◆ Part of the Scandinavia War Context Pack
In one April morning in 1940, Germany invaded Denmark and Norway. Denmark fell in hours; Norway fought for two months. Sweden stayed armed-neutral, Iceland was occupied by the Allies, and the Netherlands was overrun the same spring. The occupation years still shape what you'll see at every stop.
Germany needed Norway's coast (for U-boats and the iron-ore route through Narvik) and Denmark as the doorstep to it. On 9 April 1940 it took both. Norway resisted for two months with Allied help before the king fled to Britain to lead a government-in-exile. Sweden preserved a compromised neutrality; Britain and then the US occupied neutral Iceland to hold the North Atlantic.
Result: five different wartime fates — and, out of them, the decisive postwar split into NATO members and armed neutrals that defined the Cold War north.
Denmark = occupied; "model protectorate," then martial law from 1943.
Norway = occupied; government-in-exile and a fierce resistance.
Sweden = armed neutrality, with concessions to Germany.
Iceland = Allied-occupied, then independent in 1944.
Netherlands = occupied; deportations and the 1944–45 Hunger Winter.
A relatively "soft" occupation until 1943, then martial law — and the October 1943 rescue that saved almost all of Denmark's Jews.
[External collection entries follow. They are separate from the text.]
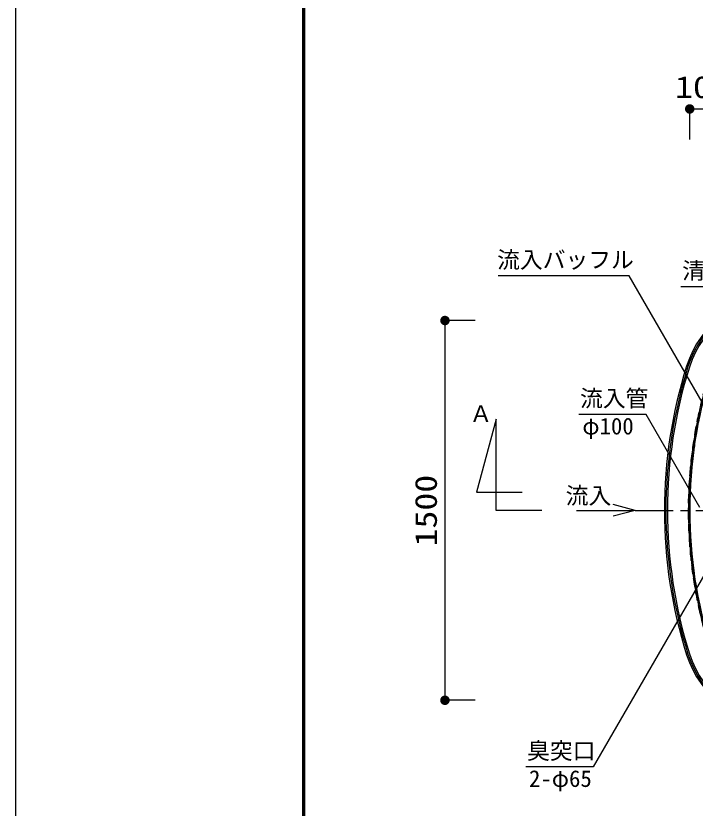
# Model space of a CAD drawing. Units: millimetres, scale not verified. Extents: x -21929 to 8910, y -6308 to 6308.
# Drawn here: x -8910 to -6227, y 49 to 3178 of the extents above; entities that cross this region are included whole.
import ezdxf
from ezdxf.enums import TextEntityAlignment as Align

# ---------------------------------------------------------------- set-up
doc = ezdxf.new("R2010")
doc.units = ezdxf.units.MM
doc.header["$LTSCALE"] = 30
doc.linetypes.add('CHAIN1', pattern=[8, 5, -1, 1, -1])
doc.linetypes.add('DASHED1', pattern=[1.8, 1.2, -0.6])
for name, color, linetype, lineweight in [('0-1_空気管', 3, 'Continuous', 25), ('0-5_文字', 3, 'Continuous', 25), ('1-6_00クル-フ-6寸法', 132, 'Continuous', 25), ('1-9_図面枠', 7, 'Continuous', 25), ('1-A_Axis_waku', 7, 'Continuous', 25)]:
    doc.layers.add(name, color=color, linetype=linetype, lineweight=lineweight)
doc.styles.add('ＭＳ ゴシック', font='')
doc.styles.get('ＭＳ ゴシック').set_extended_font_data('MS Gothic')

msp = doc.modelspace()

# ---------------------------------------------------------------- linework, layer by layer
at = {"layer": '0-1_空気管', "color": 4}
for p, q in [((-6695.84, 1224.68), (-6470.88, 1224.68)), ((-6464.65, 1224.68), (-6551.58, 1247.98)), ((-6464.65, 1224.68), (-6551.58, 1201.39))]:
    msp.add_line(p, q, dxfattribs=at)
at = {"layer": '0-1_空気管', "linetype": 'CHAIN1'}
msp.add_line((-6464.65, 1224.68), (-2905.19, 1224.68), dxfattribs=at)
at = {"layer": '0-1_空気管'}
msp.add_lwpolyline([(-6833.26, 1224.81), (-7013.26, 1224.81), (-7013.26, 1584.81), (-7090.43, 1296.81), (-6910.43, 1296.81)], dxfattribs=at)
for centre, radius, start, end in [((-5879.61, 1674.68), 400, 90, 162.542), ((-5879.61, 1674.68), 394, 90, 162.542), ((-5879.61, 1674.68), 388, 90, 162.542), ((-4448.7, 1224.68), 1900, 162.542, 180), ((-4448.7, 1224.68), 1894, 162.542, 180), ((-4448.7, 1224.68), 1888, 162.542, 180), ((-4448.7, 1224.68), 1805, 162.542, 180), ((-4448.7, 1224.68), 1800, 162.542, 180), ((-4448.7, 1224.68), 1900, 180, 197.458), ((-4448.7, 1224.68), 1894, 180, 197.458), ((-4448.7, 1224.68), 1888, 180, 197.458), ((-4448.7, 1224.68), 1805, 180, 197.458), ((-4448.7, 1224.68), 1800, 180, 197.458), ((-5879.61, 774.68), 388, 197.458, 270), ((-5879.61, 774.68), 400, 197.458, 270), ((-5879.61, 774.68), 394, 197.458, 270)]:
    msp.add_arc(centre, radius, start, end, dxfattribs=at)
at = {"layer": '0-1_空気管', "linetype": 'DASHED1'}
for radius, start, end in [(1806, 162.542, 180), (1800, 162.542, 180), (1806, 180, 197.458), (1800, 180, 197.458)]:
    msp.add_arc((-4448.7, 1224.68), radius, start, end, dxfattribs=at)
at = {"layer": '0-5_文字'}
msp.add_line((-6017.44, 2107.99), (-6283.44, 2107.99), dxfattribs=at)
for points in [[(-6028.23, 1355.95), (-6487.26, 2151.02), (-7005.26, 2151.02)], [(-6209.03, 1236.68), (-6420.91, 1603.66), (-6686.91, 1603.66)], [(-6174.68, 999.85), (-6629.85, 211.48), (-6895.85, 211.48)]]:
    msp.add_lwpolyline(points, dxfattribs=at)
at = {"layer": '1-6_00クル-フ-6寸法', "color": 4}
for p, q in [((-6248.7, 2690.25), (-6248.7, 2810.25)), ((-6248.7, 2810.25), (-6148.7, 2810.25)), ((-7095.35, 1974.68), (-7215.35, 1974.68)), ((-7215.35, 1974.68), (-7215.35, 474.68)), ((-7095.35, 474.68), (-7215.35, 474.68))]:
    msp.add_line(p, q, dxfattribs=at)
at = {"layer": '1-6_00クル-フ-6寸法'}
for points in [[(-6248.7, 2810.25), (-6266.86, 2814.91), (-6266.13, 2817.15)], [(-6248.7, 2810.25), (-6266.13, 2817.15), (-6265.13, 2819.28)], [(-6248.7, 2810.25), (-6265.13, 2819.28), (-6263.87, 2821.27)], [(-6248.7, 2810.25), (-6263.87, 2821.27), (-6262.36, 2823.08)], [(-6248.7, 2810.25), (-6262.36, 2823.08), (-6260.65, 2824.7)], [(-6248.7, 2810.25), (-6260.65, 2824.7), (-6258.74, 2826.08)], [(-6248.7, 2810.25), (-6258.74, 2826.08), (-6256.68, 2827.21)], [(-6248.7, 2810.25), (-6256.68, 2827.21), (-6254.49, 2828.08)], [(-6248.7, 2810.25), (-6254.49, 2828.08), (-6252.21, 2828.67)], [(-6248.7, 2810.25), (-6252.21, 2828.67), (-6249.87, 2828.96)], [(-6248.7, 2810.25), (-6249.87, 2828.96), (-6247.52, 2828.96)], [(-6248.7, 2810.25), (-6247.52, 2828.96), (-6245.18, 2828.67)], [(-6248.7, 2810.25), (-6245.18, 2828.67), (-6242.9, 2828.08)], [(-6248.7, 2810.25), (-6242.9, 2828.08), (-6240.71, 2827.21)], [(-6248.7, 2810.25), (-6240.71, 2827.21), (-6238.65, 2826.08)], [(-6248.7, 2810.25), (-6238.65, 2826.08), (-6236.74, 2824.7)], [(-6248.7, 2810.25), (-6236.74, 2824.7), (-6235.03, 2823.08)], [(-6248.7, 2810.25), (-6235.03, 2823.08), (-6233.53, 2821.27)], [(-6248.7, 2810.25), (-6233.53, 2821.27), (-6232.27, 2819.28)], [(-6248.7, 2810.25), (-6232.27, 2819.28), (-6231.26, 2817.15)], [(-6248.7, 2810.25), (-6231.26, 2817.15), (-6230.54, 2814.91)], [(-6248.7, 2810.25), (-6267.45, 2810.25), (-6267.3, 2812.6)], [(-6248.7, 2810.25), (-6267.3, 2807.9), (-6267.45, 2810.25)], [(-6248.7, 2810.25), (-6267.3, 2812.6), (-6266.86, 2814.91)], [(-6248.7, 2810.25), (-6266.86, 2805.59), (-6267.3, 2807.9)], [(-6248.7, 2810.25), (-6266.13, 2803.35), (-6266.86, 2805.59)], [(-6248.7, 2810.25), (-6265.13, 2801.22), (-6266.13, 2803.35)], [(-6248.7, 2810.25), (-6263.87, 2799.23), (-6265.13, 2801.22)], [(-6248.7, 2810.25), (-6262.36, 2797.41), (-6263.87, 2799.23)], [(-6248.7, 2810.25), (-6260.65, 2795.8), (-6262.36, 2797.41)], [(-6248.7, 2810.25), (-6258.74, 2794.42), (-6260.65, 2795.8)], [(-6248.7, 2810.25), (-6256.68, 2793.28), (-6258.74, 2794.42)], [(-6248.7, 2810.25), (-6254.49, 2792.42), (-6256.68, 2793.28)], [(-6248.7, 2810.25), (-6252.21, 2791.83), (-6254.49, 2792.42)], [(-6248.7, 2810.25), (-6249.87, 2791.54), (-6252.21, 2791.83)], [(-6248.7, 2810.25), (-6247.52, 2791.54), (-6249.87, 2791.54)], [(-6248.7, 2810.25), (-6230.54, 2814.91), (-6230.09, 2812.6)], [(-6248.7, 2810.25), (-6230.09, 2812.6), (-6229.95, 2810.25)], [(-6248.7, 2810.25), (-6245.18, 2791.83), (-6247.52, 2791.54)], [(-6248.7, 2810.25), (-6242.9, 2792.42), (-6245.18, 2791.83)], [(-6248.7, 2810.25), (-6240.71, 2793.28), (-6242.9, 2792.42)], [(-6248.7, 2810.25), (-6238.65, 2794.42), (-6240.71, 2793.28)], [(-6248.7, 2810.25), (-6236.74, 2795.8), (-6238.65, 2794.42)], [(-6248.7, 2810.25), (-6235.03, 2797.41), (-6236.74, 2795.8)], [(-6248.7, 2810.25), (-6233.53, 2799.23), (-6235.03, 2797.41)], [(-6248.7, 2810.25), (-6232.27, 2801.22), (-6233.53, 2799.23)], [(-6248.7, 2810.25), (-6231.26, 2803.35), (-6232.27, 2801.22)], [(-6248.7, 2810.25), (-6230.54, 2805.59), (-6231.26, 2803.35)], [(-6248.7, 2810.25), (-6230.09, 2807.9), (-6230.54, 2805.59)], [(-6248.7, 2810.25), (-6229.95, 2810.25), (-6230.09, 2807.9)], [(-7215.35, 1974.68), (-7234.06, 1975.86), (-7233.77, 1978.19)], [(-7215.35, 1974.68), (-7234.06, 1973.5), (-7234.06, 1975.86)], [(-7215.35, 1974.68), (-7233.77, 1971.17), (-7234.06, 1973.5)], [(-7215.35, 1974.68), (-7233.77, 1978.19), (-7233.18, 1980.47)], [(-7215.35, 1974.68), (-7233.18, 1968.89), (-7233.77, 1971.17)], [(-7215.35, 1974.68), (-7233.18, 1980.47), (-7232.32, 1982.66)], [(-7215.35, 1974.68), (-7232.32, 1966.7), (-7233.18, 1968.89)], [(-7215.35, 1974.68), (-7232.32, 1982.66), (-7231.18, 1984.73)], [(-7215.35, 1974.68), (-7231.18, 1964.63), (-7232.32, 1966.7)], [(-7215.35, 1974.68), (-7231.18, 1984.73), (-7229.8, 1986.63)], [(-7215.35, 1974.68), (-7229.8, 1962.73), (-7231.18, 1964.63)], [(-7215.35, 1974.68), (-7229.8, 1986.63), (-7228.19, 1988.35)], [(-7215.35, 1974.68), (-7228.19, 1961.01), (-7229.8, 1962.73)], [(-7215.35, 1974.68), (-7228.19, 1988.35), (-7226.37, 1989.85)], [(-7215.35, 1974.68), (-7226.37, 1959.51), (-7228.19, 1961.01)], [(-7215.35, 1974.68), (-7226.37, 1989.85), (-7224.38, 1991.11)], [(-7215.35, 1974.68), (-7224.38, 1958.25), (-7226.37, 1959.51)], [(-7215.35, 1974.68), (-7224.38, 1991.11), (-7222.25, 1992.11)], [(-7215.35, 1974.68), (-7222.25, 1957.25), (-7224.38, 1958.25)], [(-7215.35, 1974.68), (-7222.25, 1992.11), (-7220.01, 1992.84)], [(-7215.35, 1974.68), (-7220.01, 1956.52), (-7222.25, 1957.25)], [(-7215.35, 1974.68), (-7220.01, 1992.84), (-7217.7, 1993.28)], [(-7215.35, 1974.68), (-7217.7, 1956.08), (-7220.01, 1956.52)], [(-7215.35, 1974.68), (-7217.7, 1993.28), (-7215.35, 1993.43)], [(-7215.35, 1974.68), (-7215.35, 1955.93), (-7217.7, 1956.08)], [(-7215.35, 1974.68), (-7215.35, 1993.43), (-7213, 1993.28)], [(-7215.35, 1974.68), (-7213, 1993.28), (-7210.69, 1992.84)], [(-7215.35, 1974.68), (-7210.69, 1992.84), (-7208.45, 1992.11)], [(-7215.35, 1974.68), (-7208.45, 1992.11), (-7206.32, 1991.11)], [(-7215.35, 1974.68), (-7206.32, 1991.11), (-7204.33, 1989.85)], [(-7215.35, 1974.68), (-7204.33, 1989.85), (-7202.52, 1988.35)], [(-7215.35, 1974.68), (-7202.52, 1988.35), (-7200.9, 1986.63)], [(-7215.35, 1974.68), (-7200.9, 1986.63), (-7199.52, 1984.73)], [(-7215.35, 1974.68), (-7199.52, 1984.73), (-7198.39, 1982.66)], [(-7215.35, 1974.68), (-7198.39, 1982.66), (-7197.52, 1980.47)], [(-7215.35, 1974.68), (-7197.52, 1980.47), (-7196.93, 1978.19)], [(-7215.35, 1974.68), (-7196.93, 1978.19), (-7196.64, 1975.86)], [(-7215.35, 1974.68), (-7196.64, 1975.86), (-7196.64, 1973.5)], [(-7215.35, 1974.68), (-7213, 1956.08), (-7215.35, 1955.93)], [(-7215.35, 1974.68), (-7210.69, 1956.52), (-7213, 1956.08)], [(-7215.35, 1974.68), (-7208.45, 1957.25), (-7210.69, 1956.52)], [(-7215.35, 1974.68), (-7206.32, 1958.25), (-7208.45, 1957.25)], [(-7215.35, 1974.68), (-7204.33, 1959.51), (-7206.32, 1958.25)], [(-7215.35, 1974.68), (-7202.52, 1961.01), (-7204.33, 1959.51)], [(-7215.35, 1974.68), (-7200.9, 1962.73), (-7202.52, 1961.01)], [(-7215.35, 1974.68), (-7199.52, 1964.63), (-7200.9, 1962.73)], [(-7215.35, 1974.68), (-7198.39, 1966.7), (-7199.52, 1964.63)], [(-7215.35, 1974.68), (-7197.52, 1968.89), (-7198.39, 1966.7)], [(-7215.35, 1974.68), (-7196.93, 1971.17), (-7197.52, 1968.89)], [(-7215.35, 1974.68), (-7196.64, 1973.5), (-7196.93, 1971.17)], [(-7215.35, 474.68), (-7234.06, 475.86), (-7233.77, 478.19)], [(-7215.35, 474.68), (-7234.06, 473.5), (-7234.06, 475.86)], [(-7215.35, 474.68), (-7233.77, 471.17), (-7234.06, 473.5)], [(-7215.35, 474.68), (-7233.77, 478.19), (-7233.18, 480.47)], [(-7215.35, 474.68), (-7233.18, 468.89), (-7233.77, 471.17)], [(-7215.35, 474.68), (-7233.18, 480.47), (-7232.32, 482.66)], [(-7215.35, 474.68), (-7232.32, 466.7), (-7233.18, 468.89)], [(-7215.35, 474.68), (-7232.32, 482.66), (-7231.18, 484.73)], [(-7215.35, 474.68), (-7231.18, 464.63), (-7232.32, 466.7)], [(-7215.35, 474.68), (-7231.18, 484.73), (-7229.8, 486.63)], [(-7215.35, 474.68), (-7229.8, 462.73), (-7231.18, 464.63)], [(-7215.35, 474.68), (-7229.8, 486.63), (-7228.19, 488.35)], [(-7215.35, 474.68), (-7228.19, 461.01), (-7229.8, 462.73)], [(-7215.35, 474.68), (-7228.19, 488.35), (-7226.37, 489.85)], [(-7215.35, 474.68), (-7226.37, 459.51), (-7228.19, 461.01)], [(-7215.35, 474.68), (-7226.37, 489.85), (-7224.38, 491.11)], [(-7215.35, 474.68), (-7224.38, 458.25), (-7226.37, 459.51)], [(-7215.35, 474.68), (-7224.38, 491.11), (-7222.25, 492.11)], [(-7215.35, 474.68), (-7222.25, 457.25), (-7224.38, 458.25)], [(-7215.35, 474.68), (-7222.25, 492.11), (-7220.01, 492.84)], [(-7215.35, 474.68), (-7220.01, 456.52), (-7222.25, 457.25)], [(-7215.35, 474.68), (-7220.01, 492.84), (-7217.7, 493.28)], [(-7215.35, 474.68), (-7217.7, 456.08), (-7220.01, 456.52)], [(-7215.35, 474.68), (-7217.7, 493.28), (-7215.35, 493.43)], [(-7215.35, 474.68), (-7215.35, 455.93), (-7217.7, 456.08)], [(-7215.35, 474.68), (-7215.35, 493.43), (-7213, 493.28)], [(-7215.35, 474.68), (-7213, 493.28), (-7210.69, 492.84)], [(-7215.35, 474.68), (-7210.69, 492.84), (-7208.45, 492.11)], [(-7215.35, 474.68), (-7208.45, 492.11), (-7206.32, 491.11)], [(-7215.35, 474.68), (-7206.32, 491.11), (-7204.33, 489.85)], [(-7215.35, 474.68), (-7204.33, 489.85), (-7202.52, 488.35)], [(-7215.35, 474.68), (-7202.52, 488.35), (-7200.9, 486.63)], [(-7215.35, 474.68), (-7200.9, 486.63), (-7199.52, 484.73)], [(-7215.35, 474.68), (-7199.52, 484.73), (-7198.39, 482.66)], [(-7215.35, 474.68), (-7198.39, 482.66), (-7197.52, 480.47)], [(-7215.35, 474.68), (-7197.52, 480.47), (-7196.93, 478.19)], [(-7215.35, 474.68), (-7196.93, 478.19), (-7196.64, 475.86)], [(-7215.35, 474.68), (-7196.64, 475.86), (-7196.64, 473.5)], [(-7215.35, 474.68), (-7213, 456.08), (-7215.35, 455.93)], [(-7215.35, 474.68), (-7210.69, 456.52), (-7213, 456.08)], [(-7215.35, 474.68), (-7208.45, 457.25), (-7210.69, 456.52)], [(-7215.35, 474.68), (-7206.32, 458.25), (-7208.45, 457.25)], [(-7215.35, 474.68), (-7204.33, 459.51), (-7206.32, 458.25)], [(-7215.35, 474.68), (-7202.52, 461.01), (-7204.33, 459.51)], [(-7215.35, 474.68), (-7200.9, 462.73), (-7202.52, 461.01)], [(-7215.35, 474.68), (-7199.52, 464.63), (-7200.9, 462.73)], [(-7215.35, 474.68), (-7198.39, 466.7), (-7199.52, 464.63)], [(-7215.35, 474.68), (-7197.52, 468.89), (-7198.39, 466.7)], [(-7215.35, 474.68), (-7196.93, 471.17), (-7197.52, 468.89)], [(-7215.35, 474.68), (-7196.64, 473.5), (-7196.93, 471.17)]]:
    msp.add_solid(points, dxfattribs=at)
at = {"layer": '1-9_図面枠'}
msp.add_lwpolyline([(-8910, -6307.5), (-8910, 6307.5), (8910, 6307.5), (8910, -6307.5)], close=True, dxfattribs=at)
at = {"layer": '1-A_Axis_waku'}
for p, q in [((-7778.4, 5769.9), (-7778.4, -5814.9)), ((-7777.8, 5769.3), (-7777.8, -5814.3)), ((-7777.2, 5768.7), (-7777.2, -5813.7)), ((-7776.6, 5768.1), (-7776.6, -5813.1)), ((-7776, 5767.5), (-7776, -5812.5)), ((-7775.4, 5766.9), (-7775.4, -5811.9)), ((-7774.8, 5766.3), (-7774.8, -5811.3)), ((-7774.2, 5765.7), (-7774.2, -5810.7)), ((-7773.6, 5765.1), (-7773.6, -5810.1)), ((-7773, 5764.5), (-7773, -5809.5)), ((-7772.4, 5763.9), (-7772.4, -5808.9)), ((-7771.8, 5763.3), (-7771.8, -5808.3)), ((-7771.2, 5762.7), (-7771.2, -5807.7)), ((-7770.6, 5762.1), (-7770.6, -5807.1)), ((-7770, 5761.5), (-7770, -5806.5))]:
    msp.add_line(p, q, dxfattribs=at)

# ---------------------------------------------------------------- texts
at = {"layer": '0-1_空気管', "color": 4, "style": 'ＭＳ ゴシック'}
for s, p in [('Ａ', (-7118.39, 1553.67)), ('流入', (-6738.47, 1230.33))]:
    msp.add_text(s, height=65.98, dxfattribs=at).set_placement(p, align=Align.BOTTOM_LEFT)
at = {"layer": '0-5_文字', "color": 4, "style": 'ＭＳ ゴシック'}
for s, p in [('流入バッフル', (-7009.26, 2162.02)), ('清掃孔', (-6278.44, 2118.99)), ('流入管', (-6681.91, 1614.66)), ('φ100', (-6672.81, 1504.87)), ('臭突口', (-6890.85, 222.48)), ('2-φ65', (-6883.25, 112.69))]:
    msp.add_text(s, height=65.98, dxfattribs=at).set_placement(p, align=Align.BOTTOM_LEFT)
at = {"layer": '1-6_00クル-フ-6寸法', "color": 3, "style": 'ＭＳ ゴシック', "width": 1.2}
msp.add_text('100', height=86.66, dxfattribs=at).set_placement((-6306.7, 2827.35), align=Align.BOTTOM_LEFT)
msp.add_text('1500', height=86.66, rotation=90, dxfattribs=at).set_placement((-7221.2, 1082.39), align=Align.BOTTOM_LEFT)

doc.saveas('drawing.dxf')

A quiet source of national moral pride. See the Copenhagen stop.
The king and government escaped to Britain; Vidkun Quisling's name became the world's word for "traitor." Resistance and the Vemork sabotage are national legend — carried in Oslo's museums. See the Oslo stop.
A major German U-boat base with vast concrete submarine pens, heavily fortified as part of the Atlantic Wall. See the Bergen stop.
Occupied by Britain and then the US — and Iceland used the moment to declare independence in 1944, a step straight into its Cold War role. See the Iceland stop and explainer.
Occupied from 1940; the deportation of Dutch Jews (the Anne Frank House), and the 1944–45 Hunger Winter, are at the heart of the city's memory. See the Amsterdam stop.
Neutral, but with concessions — German troop transit until 1943 and ore exports — while sheltering refugees, including the rescued Danish Jews. See the Stockholm explainer.
Sweden stayed out of the war, but neutrality was a negotiated survival, not innocence: it let German troops transit to occupied Norway (until 1943) and sold iron ore, while also taking in tens of thousands of refugees and, late in the war, tilting toward the Allies. It's the honest backdrop to Sweden's long postwar neutrality tradition.
World War II split the north into occupied (Denmark, Norway), neutral (Sweden), Soviet-fought (Finland), and Allied-held (Iceland) — and out of that experience came the Cold War choice between NATO and neutrality.